Unveiled in conjunction with the Eco-art Colonnade was Pinecrest Gardens’ Digital Corridor, a centralized hub designed to help visitors experience Cortada’s artwork across the gardens, feature artwork that Cortada has created throughout the community, and provide an online gallery of Cortada’s limited-edition prints available in the garden’s Hibiscus Gallery.
WHAT IS ECO-ART?
Ecological art is an art genre and artistic practice that seeks to preserve, remediate and/or vitalize the life forms, resources and ecology of Earth, by applying the principles of ecosystems to living species and their habitats throughout the lithosphere, atmosphere, biosphere, and hydrosphere, including wilderness, rural, suburban and urban locations. It is a distinct genre from Environmental art in that it involves functional ecological systems-restoration, as well as socially engaged, activist, community-based interventions.
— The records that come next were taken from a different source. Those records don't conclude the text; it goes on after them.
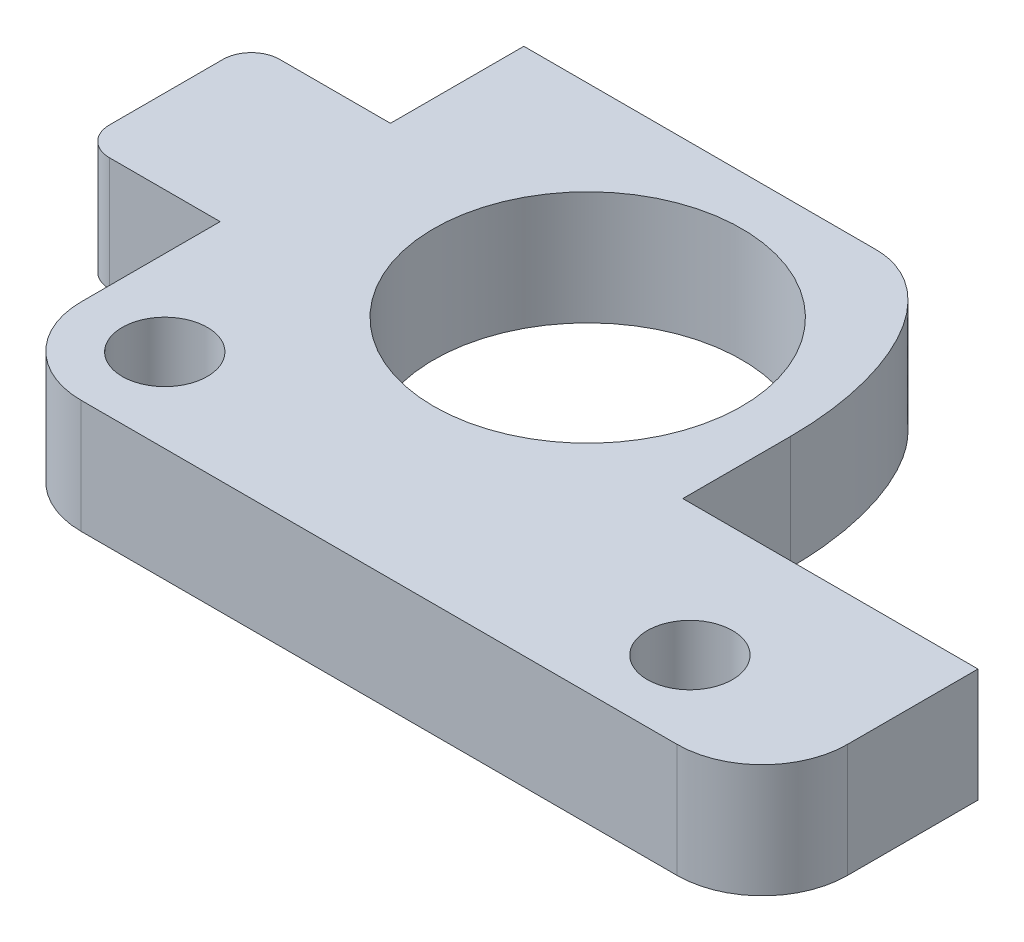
ISO-10303-21;
HEADER;
FILE_DESCRIPTION(('STEP AP214'),'2;1');
FILE_NAME('part.step','',(''),(''),'','','');
FILE_SCHEMA(('AUTOMOTIVE_DESIGN { 1 0 10303 214 1 1 1 1 }'));
ENDSEC;
DATA;
#1=APPLICATION_CONTEXT('core data for automotive mechanical design processes');
#2=APPLICATION_PROTOCOL_DEFINITION('international standard','automotive_design',2000,#1);
#3=PRODUCT_CONTEXT('',#1,'mechanical');
#4=PRODUCT('Part','Part','',(#3));
#5=PRODUCT_RELATED_PRODUCT_CATEGORY('part','',(#4));
#6=PRODUCT_DEFINITION_FORMATION('','',#4);
#7=PRODUCT_DEFINITION_CONTEXT('part definition',#1,'design');
#8=PRODUCT_DEFINITION('design','',#6,#7);
#9=PRODUCT_DEFINITION_SHAPE('','',#8);
#10=(LENGTH_UNIT() NAMED_UNIT(*) SI_UNIT(.MILLI.,.METRE.));
#11=(NAMED_UNIT(*) PLANE_ANGLE_UNIT() SI_UNIT($,.RADIAN.));
#12=(NAMED_UNIT(*) SI_UNIT($,.STERADIAN.) SOLID_ANGLE_UNIT());
#13=UNCERTAINTY_MEASURE_WITH_UNIT(LENGTH_MEASURE(1.E-05),#10,'distance_accuracy_value','');
#14=(GEOMETRIC_REPRESENTATION_CONTEXT(3) GLOBAL_UNCERTAINTY_ASSIGNED_CONTEXT((#13)) GLOBAL_UNIT_ASSIGNED_CONTEXT((#10,
#11,#12)) REPRESENTATION_CONTEXT('',''));
#15=CARTESIAN_POINT('',(0.,0.,0.));
#16=DIRECTION('',(0.,0.,1.));
#17=DIRECTION('',(1.,0.,0.));
#18=AXIS2_PLACEMENT_3D('',#15,#16,#17);
#19=CARTESIAN_POINT('',(-17.4,-2.,1.825));
#20=DIRECTION('',(0.,1.,0.));
#21=DIRECTION('',(0.,0.,1.));
#22=AXIS2_PLACEMENT_3D('',#19,#20,#21);
#23=CYLINDRICAL_SURFACE('',#22,1.);
#24=DIRECTION('',(0.,1.,0.));
#25=VECTOR('',#24,1.);
#26=CARTESIAN_POINT('',(-17.4,-2.,0.825));
#27=LINE('',#26,#25);
#28=CARTESIAN_POINT('',(-17.4,-2.,0.825));
#29=VERTEX_POINT('',#28);
#30=CARTESIAN_POINT('',(-17.4,2.,0.825));
#31=VERTEX_POINT('',#30);
#32=EDGE_CURVE('E157',#29,#31,#27,.T.);
#33=ORIENTED_EDGE('',*,*,#32,.F.);
#34=CARTESIAN_POINT('',(-17.4,-2.,1.825));
#35=DIRECTION('',(0.,1.,0.));
#36=DIRECTION('',(0.,0.,1.));
#37=AXIS2_PLACEMENT_3D('',#34,#35,#36);
#38=CIRCLE('',#37,1.);
#39=CARTESIAN_POINT('',(-18.4,-2.,1.825));
#40=VERTEX_POINT('',#39);
#41=EDGE_CURVE('E373',#29,#40,#38,.T.);
#42=ORIENTED_EDGE('',*,*,#41,.T.);
#43=DIRECTION('',(0.,1.,0.));
#44=VECTOR('',#43,1.);
#45=CARTESIAN_POINT('',(-18.4,-2.,1.825));
#46=LINE('',#45,#44);
#47=CARTESIAN_POINT('',(-18.4,2.,1.825));
#48=VERTEX_POINT('',#47);
#49=EDGE_CURVE('E160',#48,#40,#46,.F.);
#50=ORIENTED_EDGE('',*,*,#49,.F.);
#51=CARTESIAN_POINT('',(-17.4,2.,1.825));
#52=DIRECTION('',(0.,1.,0.));
#53=DIRECTION('',(0.,0.,1.));
#54=AXIS2_PLACEMENT_3D('',#51,#52,#53);
#55=CIRCLE('',#54,1.);
#56=EDGE_CURVE('E20',#48,#31,#55,.F.);
#57=ORIENTED_EDGE('',*,*,#56,.T.);
#58=EDGE_LOOP('',(#33,#42,#50,#57));
#59=FACE_BOUND('',#58,.T.);
#60=ADVANCED_FACE('F17',(#59),#23,.T.);
#61=CARTESIAN_POINT('',(-17.4,-2.,5.825));
#62=DIRECTION('',(0.,1.,0.));
#63=DIRECTION('',(0.,0.,1.));
#64=AXIS2_PLACEMENT_3D('',#61,#62,#63);
#65=CYLINDRICAL_SURFACE('',#64,1.);
#66=DIRECTION('',(0.,1.,0.));
#67=VECTOR('',#66,1.);
#68=CARTESIAN_POINT('',(-18.4,-2.,5.825));
#69=LINE('',#68,#67);
#70=CARTESIAN_POINT('',(-18.4,-2.,5.825));
#71=VERTEX_POINT('',#70);
#72=CARTESIAN_POINT('',(-18.4,2.,5.825));
#73=VERTEX_POINT('',#72);
#74=EDGE_CURVE('E259',#71,#73,#69,.T.);
#75=ORIENTED_EDGE('',*,*,#74,.F.);
#76=CARTESIAN_POINT('',(-17.4,-2.,5.825));
#77=DIRECTION('',(0.,1.,0.));
#78=DIRECTION('',(0.,0.,1.));
#79=AXIS2_PLACEMENT_3D('',#76,#77,#78);
#80=CIRCLE('',#79,1.);
#81=CARTESIAN_POINT('',(-17.4,-2.,6.825));
#82=VERTEX_POINT('',#81);
#83=EDGE_CURVE('E423',#71,#82,#80,.T.);
#84=ORIENTED_EDGE('',*,*,#83,.T.);
#85=DIRECTION('',(0.,1.,0.));
#86=VECTOR('',#85,1.);
#87=CARTESIAN_POINT('',(-17.4,-2.,6.825));
#88=LINE('',#87,#86);
#89=CARTESIAN_POINT('',(-17.4,2.,6.825));
#90=VERTEX_POINT('',#89);
#91=EDGE_CURVE('E252',#90,#82,#88,.F.);
#92=ORIENTED_EDGE('',*,*,#91,.F.);
#93=CARTESIAN_POINT('',(-17.4,2.,5.825));
#94=DIRECTION('',(0.,1.,0.));
#95=DIRECTION('',(0.,0.,1.));
#96=AXIS2_PLACEMENT_3D('',#93,#94,#95);
#97=CIRCLE('',#96,1.);
#98=EDGE_CURVE('E163',#90,#73,#97,.F.);
#99=ORIENTED_EDGE('',*,*,#98,.T.);
#100=EDGE_LOOP('',(#75,#84,#92,#99));
#101=FACE_BOUND('',#100,.T.);
#102=ADVANCED_FACE('F427',(#101),#65,.T.);
#103=CARTESIAN_POINT('',(0.,-2.,0.));
#104=DIRECTION('',(0.,1.,0.));
#105=DIRECTION('',(0.,0.,1.));
#106=AXIS2_PLACEMENT_3D('',#103,#104,#105);
#107=PLANE('',#106);
#108=CARTESIAN_POINT('',(-4.1,-2.,3.275));
#109=DIRECTION('',(0.,1.,0.));
#110=DIRECTION('',(0.,0.,1.));
#111=AXIS2_PLACEMENT_3D('',#108,#109,#110);
#112=CIRCLE('',#111,5.425);
#113=CARTESIAN_POINT('',(-4.1,-2.,8.7));
#114=VERTEX_POINT('',#113);
#115=EDGE_CURVE('E207',#114,#114,#112,.T.);
#116=ORIENTED_EDGE('',*,*,#115,.T.);
#117=EDGE_LOOP('',(#116));
#118=FACE_BOUND('',#117,.T.);
#119=CARTESIAN_POINT('',(-10.5,-2.,11.775));
#120=DIRECTION('',(0.,1.,0.));
#121=DIRECTION('',(0.,0.,1.));
#122=AXIS2_PLACEMENT_3D('',#119,#120,#121);
#123=CIRCLE('',#122,1.5);
#124=CARTESIAN_POINT('',(-10.5,-2.,13.275));
#125=VERTEX_POINT('',#124);
#126=EDGE_CURVE('E397',#125,#125,#123,.T.);
#127=ORIENTED_EDGE('',*,*,#126,.T.);
#128=EDGE_LOOP('',(#127));
#129=FACE_BOUND('',#128,.T.);
#130=CARTESIAN_POINT('',(8.,-2.,11.775));
#131=DIRECTION('',(0.,1.,0.));
#132=DIRECTION('',(0.,0.,1.));
#133=AXIS2_PLACEMENT_3D('',#130,#131,#132);
#134=CIRCLE('',#133,1.5);
#135=CARTESIAN_POINT('',(8.,-2.,13.275));
#136=VERTEX_POINT('',#135);
#137=EDGE_CURVE('E399',#136,#136,#134,.T.);
#138=ORIENTED_EDGE('',*,*,#137,.T.);
#139=EDGE_LOOP('',(#138));
#140=FACE_BOUND('',#139,.T.);
#141=CARTESIAN_POINT('',(10.5,-2.,11.725));
#142=DIRECTION('',(0.,1.,0.));
#143=DIRECTION('',(0.,0.,1.));
#144=AXIS2_PLACEMENT_3D('',#141,#142,#143);
#145=CIRCLE('',#144,3.);
#146=CARTESIAN_POINT('',(10.5,-2.,14.725));
#147=VERTEX_POINT('',#146);
#148=CARTESIAN_POINT('',(13.5,-2.,11.725));
#149=VERTEX_POINT('',#148);
#150=EDGE_CURVE('E215',#147,#149,#145,.T.);
#151=ORIENTED_EDGE('',*,*,#150,.F.);
#152=DIRECTION('',(1.,0.,0.));
#153=VECTOR('',#152,1.);
#154=CARTESIAN_POINT('',(-10.5,-2.,14.725));
#155=LINE('',#154,#153);
#156=CARTESIAN_POINT('',(-10.5,-2.,14.725));
#157=VERTEX_POINT('',#156);
#158=EDGE_CURVE('E234',#157,#147,#155,.T.);
#159=ORIENTED_EDGE('',*,*,#158,.F.);
#160=CARTESIAN_POINT('',(-10.5,-2.,11.725));
#161=DIRECTION('',(0.,1.,0.));
#162=DIRECTION('',(0.,0.,1.));
#163=AXIS2_PLACEMENT_3D('',#160,#161,#162);
#164=CIRCLE('',#163,3.);
#165=CARTESIAN_POINT('',(-13.5,-2.,11.725));
#166=VERTEX_POINT('',#165);
#167=EDGE_CURVE('E239',#166,#157,#164,.T.);
#168=ORIENTED_EDGE('',*,*,#167,.F.);
#169=DIRECTION('',(0.,0.,1.));
#170=VECTOR('',#169,1.);
#171=CARTESIAN_POINT('',(-13.5,-2.,6.825));
#172=LINE('',#171,#170);
#173=CARTESIAN_POINT('',(-13.5,-2.,6.825));
#174=VERTEX_POINT('',#173);
#175=EDGE_CURVE('E244',#174,#166,#172,.T.);
#176=ORIENTED_EDGE('',*,*,#175,.F.);
#177=DIRECTION('',(1.,0.,0.));
#178=VECTOR('',#177,1.);
#179=CARTESIAN_POINT('',(-17.4,-2.,6.825));
#180=LINE('',#179,#178);
#181=EDGE_CURVE('E249',#82,#174,#180,.T.);
#182=ORIENTED_EDGE('',*,*,#181,.F.);
#183=ORIENTED_EDGE('',*,*,#83,.F.);
#184=DIRECTION('',(0.,0.,1.));
#185=VECTOR('',#184,1.);
#186=CARTESIAN_POINT('',(-18.4,-2.,1.825));
#187=LINE('',#186,#185);
#188=EDGE_CURVE('E256',#40,#71,#187,.T.);
#189=ORIENTED_EDGE('',*,*,#188,.F.);
#190=ORIENTED_EDGE('',*,*,#41,.F.);
#191=DIRECTION('',(-1.,0.,0.));
#192=VECTOR('',#191,1.);
#193=CARTESIAN_POINT('',(-13.5,-2.,0.825));
#194=LINE('',#193,#192);
#195=CARTESIAN_POINT('',(-13.5,-2.,0.825));
#196=VERTEX_POINT('',#195);
#197=EDGE_CURVE('E172',#196,#29,#194,.T.);
#198=ORIENTED_EDGE('',*,*,#197,.F.);
#199=DIRECTION('',(0.,0.,1.));
#200=VECTOR('',#199,1.);
#201=CARTESIAN_POINT('',(-13.5,-2.,-3.875));
#202=LINE('',#201,#200);
#203=CARTESIAN_POINT('',(-13.5,-2.,-3.875));
#204=VERTEX_POINT('',#203);
#205=EDGE_CURVE('E175',#204,#196,#202,.T.);
#206=ORIENTED_EDGE('',*,*,#205,.F.);
#207=DIRECTION('',(-1.,0.,0.));
#208=VECTOR('',#207,1.);
#209=CARTESIAN_POINT('',(-1.1,-2.,-3.875));
#210=LINE('',#209,#208);
#211=CARTESIAN_POINT('',(-1.10000021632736,-2.,-3.87509362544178));
#212=VERTEX_POINT('',#211);
#213=EDGE_CURVE('E273',#212,#204,#210,.T.);
#214=ORIENTED_EDGE('',*,*,#213,.F.);
#215=CARTESIAN_POINT('',(-1.10000043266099,-2.,-3.87518725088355));
#216=CARTESIAN_POINT('',(-1.06274428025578,-2.,-3.87528071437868));
#217=CARTESIAN_POINT('',(-1.02548420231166,-2.,-3.87452258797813));
#218=CARTESIAN_POINT('',(-0.951045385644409,-2.,-3.8712746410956));
#219=CARTESIAN_POINT('',(-0.913866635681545,-2.,-3.86878507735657));
#220=CARTESIAN_POINT('',(-0.839711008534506,-2.,-3.86204964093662));
#221=CARTESIAN_POINT('',(-0.802733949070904,-2.,-3.8578057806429));
#222=CARTESIAN_POINT('',(-0.729018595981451,-2.,-3.84759486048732));
#223=CARTESIAN_POINT('',(-0.692280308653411,-2.,-3.84162775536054));
#224=CARTESIAN_POINT('',(-0.619403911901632,-2.,-3.8281241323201));
#225=CARTESIAN_POINT('',(-0.583263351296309,-2.,-3.82060078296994));
#226=CARTESIAN_POINT('',(-0.511321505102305,-2.,-3.80408695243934));
#227=CARTESIAN_POINT('',(-0.475520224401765,-2.,-3.79509645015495));
#228=CARTESIAN_POINT('',(-0.36870194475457,-2.,-3.76590545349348));
#229=CARTESIAN_POINT('',(-0.298276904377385,-2.,-3.74348665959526));
#230=CARTESIAN_POINT('',(-0.159762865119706,-2.,-3.69317854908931));
#231=CARTESIAN_POINT('',(-0.091665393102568,-2.,-3.6653122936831));
#232=CARTESIAN_POINT('',(0.0423135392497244,-2.,-3.60471764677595));
#233=CARTESIAN_POINT('',(0.108195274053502,-2.,-3.57198986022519));
#234=CARTESIAN_POINT('',(0.237593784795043,-2.,-3.50186321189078));
#235=CARTESIAN_POINT('',(0.301105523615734,-2.,-3.4644550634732));
#236=CARTESIAN_POINT('',(0.425441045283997,-2.,-3.3854124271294));
#237=CARTESIAN_POINT('',(0.486264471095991,-2.,-3.34377738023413));
#238=CARTESIAN_POINT('',(0.643430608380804,-2.,-3.22873084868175));
#239=CARTESIAN_POINT('',(0.737434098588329,-2.,-3.15211675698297));
#240=CARTESIAN_POINT('',(0.918569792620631,-2.,-2.99114333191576));
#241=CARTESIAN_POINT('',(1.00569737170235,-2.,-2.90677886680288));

Ecological art also addresses politics, culture, economics, ethics and aesthetics as they impact the conditions of ecosystems. Ecological art practitioners include artists, scientists, philosophers and activists who often collaborate on restoration, remediation and public awareness projects.
ART HISTORIAN’S PERSPECTIVE
What a delight it is to learn of the EcoArt Colonnade in Miami’s Pinecrest Gardens Park honoring the outstanding work of Xavier Cortada! Cortada is one of the first artists in South Florida to engage ecological art as a practice. Over the past 15 years, his work has been seen on the pillars under I-95, and in various exhibition venues from the most humble to the most exalted. But, for me, the most important aspect of his work is not in the objects and murals which have been widely praised, it is in his ecological art process. I have described Cortada as a “choreographer” of everyday people, who learn how to dance into ecological stewardship as they perform ecologically positive actions at his direction. All the projects to be featured in the Colonnade are moments in time across a large, ongoing project that uses time as its medium: time it takes for endangered Florida plants to proliferate across many landscapes; time it takes for would be eco-stewards to absorb how to skillfully perform the dance of preservation Cortada directs; and time for multiple simultaneous conversations to happen—people to people, people to plants, plants to people, plants to animals, animals to plants, and natural systems with natural systems, all aiming for one outcome, the survival and flourishing of humans and the more-than-human animals and vegetation that keep our earthly systems in balance. I believe Cortada’s EcoArt continuum will soon outgrow the 200 feet that the upcoming Colonnade will embrace. And so it should. We need Cortada to keep expanding his practice, and many more artists following his lead in thinking creatively about how to “stay with the trouble,” in damaged landscapes, as the scientist and philosopher Donna Haraway has encouraged us to do as dystopia become ever more real. —Mary Jo Aagerstoun, Ph. D., art historian and founder EcoArt South Florida (2007-2015) and the international FB platform Artists for Climate Action (2015 to the present).